McGraw hastily took him aside. "You don't mean to say that you know about this job already?" he asked excitedly.
"I know one thing. A man you want lives at 101 Washington street, and I think his name is Garbon Soumissin. At any rate, I'd advise you to get right down there immediately and run in every one you find in the house. Hurry up before they've gone."
McGraw's eyes gleamed. "And you'll coach me then what to do?" he asked.
"All right." Hastily summoning a police sergeant,...
(CONTINUED ON NEXT TO LAST PAGE.)
(Thanks to Gokalp; "Copyright 1912 The Bobbs-Merrill Company" accompanied the text when this story was published as well in The Racine Journal News, Oct. 6, 1913.)

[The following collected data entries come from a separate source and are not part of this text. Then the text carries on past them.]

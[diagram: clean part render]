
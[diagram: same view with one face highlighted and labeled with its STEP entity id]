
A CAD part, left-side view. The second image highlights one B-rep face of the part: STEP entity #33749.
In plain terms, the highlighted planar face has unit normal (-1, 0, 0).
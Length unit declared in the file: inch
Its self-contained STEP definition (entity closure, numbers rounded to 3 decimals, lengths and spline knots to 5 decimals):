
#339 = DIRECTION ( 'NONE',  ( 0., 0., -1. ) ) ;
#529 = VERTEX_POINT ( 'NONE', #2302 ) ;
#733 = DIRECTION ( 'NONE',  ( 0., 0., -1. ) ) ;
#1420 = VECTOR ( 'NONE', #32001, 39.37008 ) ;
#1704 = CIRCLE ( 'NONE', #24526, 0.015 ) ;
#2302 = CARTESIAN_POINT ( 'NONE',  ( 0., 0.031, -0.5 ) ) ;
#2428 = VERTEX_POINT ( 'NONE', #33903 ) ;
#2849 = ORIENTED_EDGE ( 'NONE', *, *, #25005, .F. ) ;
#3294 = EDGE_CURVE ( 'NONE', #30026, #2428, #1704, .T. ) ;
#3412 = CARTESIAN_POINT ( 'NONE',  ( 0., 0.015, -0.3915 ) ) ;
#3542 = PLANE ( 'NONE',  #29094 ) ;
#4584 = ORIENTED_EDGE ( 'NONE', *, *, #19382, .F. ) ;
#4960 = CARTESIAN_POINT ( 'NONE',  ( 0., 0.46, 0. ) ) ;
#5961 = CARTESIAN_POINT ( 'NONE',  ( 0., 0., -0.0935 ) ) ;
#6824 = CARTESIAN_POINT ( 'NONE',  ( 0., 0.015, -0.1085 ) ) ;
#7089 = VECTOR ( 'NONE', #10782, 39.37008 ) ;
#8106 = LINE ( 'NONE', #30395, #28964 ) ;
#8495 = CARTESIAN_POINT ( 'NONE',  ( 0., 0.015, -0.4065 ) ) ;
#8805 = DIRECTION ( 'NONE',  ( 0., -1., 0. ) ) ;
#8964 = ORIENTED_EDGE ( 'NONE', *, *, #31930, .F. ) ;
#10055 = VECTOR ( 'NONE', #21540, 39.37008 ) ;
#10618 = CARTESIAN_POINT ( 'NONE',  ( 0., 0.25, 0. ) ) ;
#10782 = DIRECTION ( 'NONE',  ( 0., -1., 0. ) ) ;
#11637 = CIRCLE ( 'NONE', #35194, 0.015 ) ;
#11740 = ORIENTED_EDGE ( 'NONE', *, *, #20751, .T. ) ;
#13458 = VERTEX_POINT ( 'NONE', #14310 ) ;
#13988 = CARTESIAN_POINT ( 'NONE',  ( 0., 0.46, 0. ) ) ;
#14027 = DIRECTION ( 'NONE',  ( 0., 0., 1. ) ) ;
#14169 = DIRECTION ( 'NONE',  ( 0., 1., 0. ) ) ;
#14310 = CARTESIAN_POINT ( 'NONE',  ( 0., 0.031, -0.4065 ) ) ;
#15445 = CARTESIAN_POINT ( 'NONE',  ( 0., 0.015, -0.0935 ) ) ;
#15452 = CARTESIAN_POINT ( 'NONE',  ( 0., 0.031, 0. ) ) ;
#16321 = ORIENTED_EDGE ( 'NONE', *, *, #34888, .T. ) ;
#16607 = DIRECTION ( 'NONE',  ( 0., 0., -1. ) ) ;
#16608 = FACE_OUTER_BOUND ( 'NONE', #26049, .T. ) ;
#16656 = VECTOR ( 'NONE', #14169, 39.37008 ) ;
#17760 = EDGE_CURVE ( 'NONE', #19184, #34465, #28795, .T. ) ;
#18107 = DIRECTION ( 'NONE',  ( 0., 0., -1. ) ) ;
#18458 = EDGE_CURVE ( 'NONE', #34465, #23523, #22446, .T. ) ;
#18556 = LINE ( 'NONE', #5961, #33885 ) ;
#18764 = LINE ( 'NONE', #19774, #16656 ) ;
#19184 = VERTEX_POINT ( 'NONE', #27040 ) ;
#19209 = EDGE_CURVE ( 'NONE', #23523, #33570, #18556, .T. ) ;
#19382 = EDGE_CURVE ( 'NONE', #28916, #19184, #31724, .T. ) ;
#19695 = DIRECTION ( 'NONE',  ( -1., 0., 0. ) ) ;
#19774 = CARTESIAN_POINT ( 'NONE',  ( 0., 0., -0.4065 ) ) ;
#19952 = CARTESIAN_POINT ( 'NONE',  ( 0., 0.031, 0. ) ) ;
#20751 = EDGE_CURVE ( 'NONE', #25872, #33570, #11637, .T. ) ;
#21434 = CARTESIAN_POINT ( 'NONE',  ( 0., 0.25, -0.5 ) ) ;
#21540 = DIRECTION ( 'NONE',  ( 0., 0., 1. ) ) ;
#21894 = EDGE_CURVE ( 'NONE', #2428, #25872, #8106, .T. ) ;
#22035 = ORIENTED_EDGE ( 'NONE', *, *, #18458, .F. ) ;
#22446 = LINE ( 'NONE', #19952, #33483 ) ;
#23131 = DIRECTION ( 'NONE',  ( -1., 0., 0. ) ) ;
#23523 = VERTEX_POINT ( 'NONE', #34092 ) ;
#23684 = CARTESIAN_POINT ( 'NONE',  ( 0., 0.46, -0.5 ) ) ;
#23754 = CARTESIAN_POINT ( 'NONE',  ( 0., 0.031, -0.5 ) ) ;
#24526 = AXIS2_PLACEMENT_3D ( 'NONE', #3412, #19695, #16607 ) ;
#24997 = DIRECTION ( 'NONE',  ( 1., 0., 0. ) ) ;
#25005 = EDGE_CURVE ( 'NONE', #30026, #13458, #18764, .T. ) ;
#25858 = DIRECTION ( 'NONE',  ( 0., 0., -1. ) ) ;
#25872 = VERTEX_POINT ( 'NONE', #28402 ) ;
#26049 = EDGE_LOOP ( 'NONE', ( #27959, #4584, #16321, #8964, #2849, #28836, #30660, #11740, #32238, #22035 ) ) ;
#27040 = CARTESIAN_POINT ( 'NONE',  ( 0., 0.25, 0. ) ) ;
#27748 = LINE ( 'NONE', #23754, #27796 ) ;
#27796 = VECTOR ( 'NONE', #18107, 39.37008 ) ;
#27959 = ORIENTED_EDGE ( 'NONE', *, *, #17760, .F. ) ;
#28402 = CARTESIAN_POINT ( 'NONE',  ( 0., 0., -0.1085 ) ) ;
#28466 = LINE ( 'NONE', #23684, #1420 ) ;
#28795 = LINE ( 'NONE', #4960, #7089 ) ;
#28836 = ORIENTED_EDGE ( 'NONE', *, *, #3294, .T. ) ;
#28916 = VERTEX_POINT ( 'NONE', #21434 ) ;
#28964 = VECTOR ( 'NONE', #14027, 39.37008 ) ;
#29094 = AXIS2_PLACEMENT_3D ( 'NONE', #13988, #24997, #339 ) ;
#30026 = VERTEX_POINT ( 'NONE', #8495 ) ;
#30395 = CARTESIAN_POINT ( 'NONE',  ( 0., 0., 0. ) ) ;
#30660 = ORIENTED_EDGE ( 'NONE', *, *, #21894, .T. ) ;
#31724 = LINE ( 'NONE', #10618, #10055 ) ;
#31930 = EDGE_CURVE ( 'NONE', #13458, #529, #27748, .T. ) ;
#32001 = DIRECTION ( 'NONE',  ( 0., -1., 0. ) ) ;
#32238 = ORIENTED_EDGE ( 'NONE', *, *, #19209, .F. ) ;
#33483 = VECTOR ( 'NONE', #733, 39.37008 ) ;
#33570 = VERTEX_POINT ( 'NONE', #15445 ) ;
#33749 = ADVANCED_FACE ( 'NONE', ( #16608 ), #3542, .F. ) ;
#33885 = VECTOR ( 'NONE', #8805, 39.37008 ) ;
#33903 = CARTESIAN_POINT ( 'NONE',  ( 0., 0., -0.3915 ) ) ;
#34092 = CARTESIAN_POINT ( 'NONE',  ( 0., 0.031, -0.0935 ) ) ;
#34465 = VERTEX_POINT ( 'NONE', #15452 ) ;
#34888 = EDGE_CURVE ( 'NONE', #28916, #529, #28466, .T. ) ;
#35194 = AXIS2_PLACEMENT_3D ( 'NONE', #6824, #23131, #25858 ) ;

1. A little below, we'll also read: " in front of a Turkish rug store, the crescent of Turkey hung out." Since nearly all immigrants from the Ottoman Empire were Christians, the ones who operated these rug stores were composed of the Ottoman merchant class, the Armenians. Note how they used the exoticism of their Ottoman nation to good effect in the sale of their goods, as did other products of the period, like cigarettes. After WWI, most Armenian operators of such stores in the USA purposely did away with the word "Turkish"... even though everyone knows Oriental rugs were practically synonymous with the Turks. As with the food in Greek restaurants known throughout the West as "Greek food," all part of the grand scheme to eliminate Turkish cultural contributions.
2. Hrant "I am a Turkish citizen but I am no Turk" Dink may not enjoy this reminder that Armenians from the Ottoman Empire were also regarded as "Turks," but here is the irony. As far as the West was concerned, the alien culture of the Ottomans applied to all of the people from that part of the world, Armenians as well as Turks. In other words, Armenians got painted with the same broad stroke of prejudice, regardless of how much they reminded the West of how different and civilized they were, because they were Christians... and making sure to keep stressing the barbarism of the Turks (a propaganda campaign that would sometimes backfire on the Armenians.) In addition, note as well that even though it is the Armenians (at least the "Hunchakists") in this story who are the criminal ones, when we are offered the usual sinister Oriental description (whiskered, evil face, blotched complexion, fez), it's the Turkish part of the Armenians that is emphasized.
3. How astute of the author to have recognized that the Armenians (who had written the book on terrorism, particularly with the 1896 Ottoman Bank takeover; see comparison with today's Islamic terrorists) were "more dangerous than any of the" other "guerilla assassins." The world has yet to realize the depth of the inhumanity and criminality of the Armenian extremists, sometimes making the Mafia look like boy scouts, in comparison. While the exploits of the Hunchaks were getting most of the attention in the American press, the A. R. F. /Dashnak organization would frequently outdo their rivals in the immorality department.